Alibaba Qwen AI Now Edits Images Like A Pro
Alibaba has just rolled out a significant update to its Qwen image model, introducing a powerful suite of editing tools capable of both minor visual tweaks and major semantic transformations.
A Leap Forward in AI Image Editing
The new model, named Qwen-Image-Edit, is built upon the robust foundation of Alibaba's 20-billion-parameter Qwen-Image model. It employs a sophisticated dual-processing strategy. For semantic understanding and control, it leverages Qwen2.5-VL, while a Variational Autoencoder (VAE) is tasked with managing the visual appearance and fidelity of the image. This combination allows the system to handle a wide spectrum of edits, from simple touch-ups to complex conceptual changes.
Two Modes for Creative Control
Qwen-Image-Edit offers two distinct workflows to suit different creative needs:
- Appearance Editing: This mode allows users to make precise changes to specific areas of an image while ensuring the rest of the composition remains completely untouched. It's ideal for tasks like removing stray hairs, editing clothing, or changing background elements.
- Semantic Editing: This powerful mode modifies pixels across the entire image to implement a new concept, such as changing the style or rotating an object, while maintaining the core identity and consistency of the main subject.

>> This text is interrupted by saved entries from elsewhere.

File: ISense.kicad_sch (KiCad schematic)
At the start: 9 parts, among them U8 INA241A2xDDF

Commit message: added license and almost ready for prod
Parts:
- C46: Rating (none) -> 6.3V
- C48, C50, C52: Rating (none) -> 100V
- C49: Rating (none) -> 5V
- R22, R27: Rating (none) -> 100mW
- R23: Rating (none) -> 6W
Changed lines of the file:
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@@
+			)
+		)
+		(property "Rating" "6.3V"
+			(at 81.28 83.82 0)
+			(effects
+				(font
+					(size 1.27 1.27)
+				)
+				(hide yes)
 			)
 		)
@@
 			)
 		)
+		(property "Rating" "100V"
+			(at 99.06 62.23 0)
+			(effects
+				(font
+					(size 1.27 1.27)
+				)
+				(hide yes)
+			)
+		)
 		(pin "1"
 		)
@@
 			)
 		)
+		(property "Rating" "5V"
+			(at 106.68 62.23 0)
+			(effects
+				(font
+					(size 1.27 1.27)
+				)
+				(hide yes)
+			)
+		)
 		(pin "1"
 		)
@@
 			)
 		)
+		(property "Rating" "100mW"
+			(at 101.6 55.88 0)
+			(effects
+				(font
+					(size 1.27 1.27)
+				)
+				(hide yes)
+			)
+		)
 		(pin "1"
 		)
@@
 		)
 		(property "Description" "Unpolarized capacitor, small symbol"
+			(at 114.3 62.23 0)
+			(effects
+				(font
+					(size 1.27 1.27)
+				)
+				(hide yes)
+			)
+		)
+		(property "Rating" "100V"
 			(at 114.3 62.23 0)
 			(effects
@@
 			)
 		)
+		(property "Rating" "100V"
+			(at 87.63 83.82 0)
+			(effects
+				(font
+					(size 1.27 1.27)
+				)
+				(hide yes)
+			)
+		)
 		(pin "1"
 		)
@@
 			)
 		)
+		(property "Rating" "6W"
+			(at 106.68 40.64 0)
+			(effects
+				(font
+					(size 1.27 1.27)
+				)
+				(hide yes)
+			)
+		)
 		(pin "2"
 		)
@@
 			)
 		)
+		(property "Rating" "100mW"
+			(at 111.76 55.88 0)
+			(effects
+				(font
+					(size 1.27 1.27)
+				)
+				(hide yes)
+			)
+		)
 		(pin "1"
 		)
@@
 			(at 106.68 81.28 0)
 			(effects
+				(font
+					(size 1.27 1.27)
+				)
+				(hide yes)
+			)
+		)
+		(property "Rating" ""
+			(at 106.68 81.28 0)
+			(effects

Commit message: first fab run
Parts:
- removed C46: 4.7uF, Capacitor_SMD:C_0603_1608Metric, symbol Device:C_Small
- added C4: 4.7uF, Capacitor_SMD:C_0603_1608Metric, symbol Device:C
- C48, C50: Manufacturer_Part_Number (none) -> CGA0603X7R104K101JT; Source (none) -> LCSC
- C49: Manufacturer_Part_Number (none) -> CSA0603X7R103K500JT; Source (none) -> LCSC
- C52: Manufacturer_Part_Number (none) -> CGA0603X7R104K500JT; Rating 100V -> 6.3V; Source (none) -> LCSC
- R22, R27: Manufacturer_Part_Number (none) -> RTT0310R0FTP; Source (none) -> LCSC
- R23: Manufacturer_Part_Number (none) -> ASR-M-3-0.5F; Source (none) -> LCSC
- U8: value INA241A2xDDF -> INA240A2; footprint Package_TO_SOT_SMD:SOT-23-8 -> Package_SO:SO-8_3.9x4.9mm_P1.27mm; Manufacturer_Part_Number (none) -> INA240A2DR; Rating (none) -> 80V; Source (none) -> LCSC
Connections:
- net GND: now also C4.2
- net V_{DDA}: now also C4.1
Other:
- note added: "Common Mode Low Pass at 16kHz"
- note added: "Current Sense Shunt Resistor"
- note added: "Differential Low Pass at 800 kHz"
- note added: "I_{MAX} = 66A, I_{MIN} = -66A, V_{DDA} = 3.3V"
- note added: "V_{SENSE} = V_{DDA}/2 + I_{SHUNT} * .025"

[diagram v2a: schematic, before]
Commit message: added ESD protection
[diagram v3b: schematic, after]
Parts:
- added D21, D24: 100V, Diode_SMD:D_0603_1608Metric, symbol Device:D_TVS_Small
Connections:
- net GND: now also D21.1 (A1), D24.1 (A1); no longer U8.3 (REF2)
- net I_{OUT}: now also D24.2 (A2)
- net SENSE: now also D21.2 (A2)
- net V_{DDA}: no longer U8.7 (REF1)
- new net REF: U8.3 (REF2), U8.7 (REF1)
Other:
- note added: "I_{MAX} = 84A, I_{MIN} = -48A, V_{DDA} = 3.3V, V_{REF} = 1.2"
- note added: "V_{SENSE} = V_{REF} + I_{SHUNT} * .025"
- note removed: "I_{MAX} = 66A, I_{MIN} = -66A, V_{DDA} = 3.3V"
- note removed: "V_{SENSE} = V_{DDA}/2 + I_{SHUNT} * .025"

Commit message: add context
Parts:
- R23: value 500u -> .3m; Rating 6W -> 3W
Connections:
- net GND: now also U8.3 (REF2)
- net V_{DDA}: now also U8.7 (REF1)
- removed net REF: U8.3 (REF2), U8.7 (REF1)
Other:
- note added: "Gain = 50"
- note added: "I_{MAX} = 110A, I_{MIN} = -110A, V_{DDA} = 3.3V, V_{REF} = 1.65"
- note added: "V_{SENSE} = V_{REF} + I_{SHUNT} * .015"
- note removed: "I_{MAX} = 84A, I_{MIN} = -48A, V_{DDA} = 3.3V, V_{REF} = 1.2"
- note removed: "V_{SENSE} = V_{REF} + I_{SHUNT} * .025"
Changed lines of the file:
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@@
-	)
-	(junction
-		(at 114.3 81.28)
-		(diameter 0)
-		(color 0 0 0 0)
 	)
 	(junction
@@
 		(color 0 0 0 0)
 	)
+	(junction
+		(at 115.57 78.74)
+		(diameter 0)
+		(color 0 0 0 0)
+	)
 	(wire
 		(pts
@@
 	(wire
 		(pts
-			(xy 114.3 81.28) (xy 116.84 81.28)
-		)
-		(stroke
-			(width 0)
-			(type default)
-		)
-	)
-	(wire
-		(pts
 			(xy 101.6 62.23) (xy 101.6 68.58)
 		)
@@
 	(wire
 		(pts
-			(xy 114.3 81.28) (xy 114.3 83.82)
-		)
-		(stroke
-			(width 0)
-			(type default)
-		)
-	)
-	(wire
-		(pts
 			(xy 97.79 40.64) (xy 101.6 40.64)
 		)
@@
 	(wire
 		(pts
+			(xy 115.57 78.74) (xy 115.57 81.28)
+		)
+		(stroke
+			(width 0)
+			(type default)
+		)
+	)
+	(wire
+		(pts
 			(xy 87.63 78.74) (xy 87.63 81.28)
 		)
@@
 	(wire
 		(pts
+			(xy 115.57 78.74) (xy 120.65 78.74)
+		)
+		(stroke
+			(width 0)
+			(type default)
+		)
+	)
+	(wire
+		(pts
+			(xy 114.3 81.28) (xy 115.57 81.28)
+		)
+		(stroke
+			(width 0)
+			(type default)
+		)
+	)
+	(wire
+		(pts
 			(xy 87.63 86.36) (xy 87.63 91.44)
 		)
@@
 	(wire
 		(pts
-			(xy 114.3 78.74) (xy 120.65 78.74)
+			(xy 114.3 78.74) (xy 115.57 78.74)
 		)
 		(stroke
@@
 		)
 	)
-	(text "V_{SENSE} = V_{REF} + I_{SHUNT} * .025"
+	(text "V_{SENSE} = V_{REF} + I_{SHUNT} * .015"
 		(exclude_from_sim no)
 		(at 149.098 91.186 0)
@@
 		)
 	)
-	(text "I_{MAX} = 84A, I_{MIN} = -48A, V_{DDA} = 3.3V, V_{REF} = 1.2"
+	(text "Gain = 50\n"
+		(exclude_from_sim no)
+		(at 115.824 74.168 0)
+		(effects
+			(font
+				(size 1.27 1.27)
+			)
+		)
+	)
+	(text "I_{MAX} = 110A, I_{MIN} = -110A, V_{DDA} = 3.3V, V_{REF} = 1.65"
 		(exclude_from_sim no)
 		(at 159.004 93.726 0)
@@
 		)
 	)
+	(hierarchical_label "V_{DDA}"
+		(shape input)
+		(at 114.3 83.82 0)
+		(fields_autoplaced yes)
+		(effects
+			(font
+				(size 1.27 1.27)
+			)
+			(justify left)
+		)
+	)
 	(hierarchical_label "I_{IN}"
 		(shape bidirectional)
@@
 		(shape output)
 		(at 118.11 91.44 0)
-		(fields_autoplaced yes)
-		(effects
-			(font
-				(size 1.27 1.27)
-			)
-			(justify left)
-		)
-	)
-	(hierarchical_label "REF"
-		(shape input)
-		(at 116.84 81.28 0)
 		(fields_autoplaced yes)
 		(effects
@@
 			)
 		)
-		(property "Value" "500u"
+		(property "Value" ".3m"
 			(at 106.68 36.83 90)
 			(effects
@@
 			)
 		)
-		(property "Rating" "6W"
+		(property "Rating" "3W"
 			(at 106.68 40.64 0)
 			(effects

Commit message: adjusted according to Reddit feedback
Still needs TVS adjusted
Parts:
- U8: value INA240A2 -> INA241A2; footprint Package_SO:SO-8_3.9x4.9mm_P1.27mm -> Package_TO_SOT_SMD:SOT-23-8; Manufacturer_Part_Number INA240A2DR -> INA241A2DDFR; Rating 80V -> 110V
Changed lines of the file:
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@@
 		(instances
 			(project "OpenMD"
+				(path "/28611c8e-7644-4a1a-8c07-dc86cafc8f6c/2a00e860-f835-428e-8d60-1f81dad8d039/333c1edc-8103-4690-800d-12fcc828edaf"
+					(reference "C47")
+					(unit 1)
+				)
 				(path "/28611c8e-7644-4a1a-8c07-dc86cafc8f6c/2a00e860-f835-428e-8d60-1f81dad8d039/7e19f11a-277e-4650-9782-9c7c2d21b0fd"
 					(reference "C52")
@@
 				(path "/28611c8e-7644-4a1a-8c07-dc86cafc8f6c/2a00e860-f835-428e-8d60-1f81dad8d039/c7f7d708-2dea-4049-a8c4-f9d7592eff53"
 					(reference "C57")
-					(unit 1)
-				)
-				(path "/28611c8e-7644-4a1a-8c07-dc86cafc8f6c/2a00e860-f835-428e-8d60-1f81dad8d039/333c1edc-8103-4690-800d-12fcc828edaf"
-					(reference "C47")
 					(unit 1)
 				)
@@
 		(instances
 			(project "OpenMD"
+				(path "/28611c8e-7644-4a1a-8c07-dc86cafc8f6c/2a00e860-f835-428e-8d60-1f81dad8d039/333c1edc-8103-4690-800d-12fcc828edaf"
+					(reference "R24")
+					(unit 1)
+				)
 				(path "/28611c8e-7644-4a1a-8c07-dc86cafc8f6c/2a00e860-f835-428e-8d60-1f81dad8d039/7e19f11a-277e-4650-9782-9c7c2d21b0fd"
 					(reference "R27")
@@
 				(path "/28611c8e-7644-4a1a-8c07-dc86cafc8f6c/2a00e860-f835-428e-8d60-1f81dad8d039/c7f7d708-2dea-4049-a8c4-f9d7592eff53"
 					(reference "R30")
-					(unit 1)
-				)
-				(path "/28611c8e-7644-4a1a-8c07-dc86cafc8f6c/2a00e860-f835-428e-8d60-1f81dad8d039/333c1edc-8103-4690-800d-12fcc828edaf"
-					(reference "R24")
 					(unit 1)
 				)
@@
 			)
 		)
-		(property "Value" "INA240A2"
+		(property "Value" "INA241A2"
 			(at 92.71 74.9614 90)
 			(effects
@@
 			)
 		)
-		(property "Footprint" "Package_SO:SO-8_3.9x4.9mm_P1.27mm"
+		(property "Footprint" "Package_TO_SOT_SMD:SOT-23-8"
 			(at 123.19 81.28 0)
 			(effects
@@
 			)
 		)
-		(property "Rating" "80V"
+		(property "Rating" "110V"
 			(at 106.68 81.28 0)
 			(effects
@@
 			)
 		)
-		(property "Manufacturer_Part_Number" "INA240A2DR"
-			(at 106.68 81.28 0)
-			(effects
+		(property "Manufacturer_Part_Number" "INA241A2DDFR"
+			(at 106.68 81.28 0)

From Mascot Creation to Style Transfer
To showcase its semantic editing prowess, Alibaba demonstrated how the model can generate new intellectual property (IP) content featuring its Capybara mascot. Even with significant pixel changes across the image, the character remains instantly recognizable in various new roles and styles.
Qwen Image Edit generates new versions of the Capybara mascot that can be used as stickers in messenger apps and other formats. | Image: Alibaba
Other creative applications include generating new perspectives with 90 or 180-degree object rotations and performing style transfers, such as transforming a standard portrait into a Studio Ghibli-inspired avatar.
The model generates new viewpoints for people, animals, and objects. | Image: Alibaba
Intelligent Object and Background Manipulation
The model's capabilities extend to complex interactions within an image. It can seamlessly add new objects, like a wooden sign in front of a penguin colony, and realistically render corresponding shadows and reflections. This demonstrates a sophisticated understanding of light and environmental context.
Qwen Image Edit places a wooden sign reading "Welcome to Penguin Beach" in front of a penguin colony and generates natural shadows. | Image: Alibaba
Advanced Bilingual Text Editing
One of the standout features of Qwen Image Edit is its exceptional ability to edit text in both Chinese and English directly within images. The system can add, remove, or modify text while perfectly preserving the original font, size, and style, as seen in an example where Scrabble tiles are changed from "Health Insurance" to "Financial Planning."
Qwen Image Edit updates Scrabble tiles from "Health Insurance" to "Financial Planning," maintaining the original look. | Image: Alibaba
For corrections, users can simply draw bounding boxes around incorrect or unwanted text, and the model updates the selected areas. While it can occasionally be challenged by rare characters, the system supports a step-by-step refinement process, allowing users to mark specific spots for further edits until the result is perfect.
The tool replaces incorrect characters and lets users directly mark the areas that need changes. | Image: Alibaba
Availability and Industry Context
Alibaba claims that Qwen Image Edit achieves state-of-the-art performance on public image editing benchmarks. The model is now accessible through the "Image Editing" feature in Qwen Chat and is also available for developers on Github, Hugging Face, and Modelscope.
This release marks a significant advancement in the field of targeted image editing, an area where AI models have historically struggled. It demonstrates how quickly the technology is moving beyond simple generation to provide nuanced and precise creative control.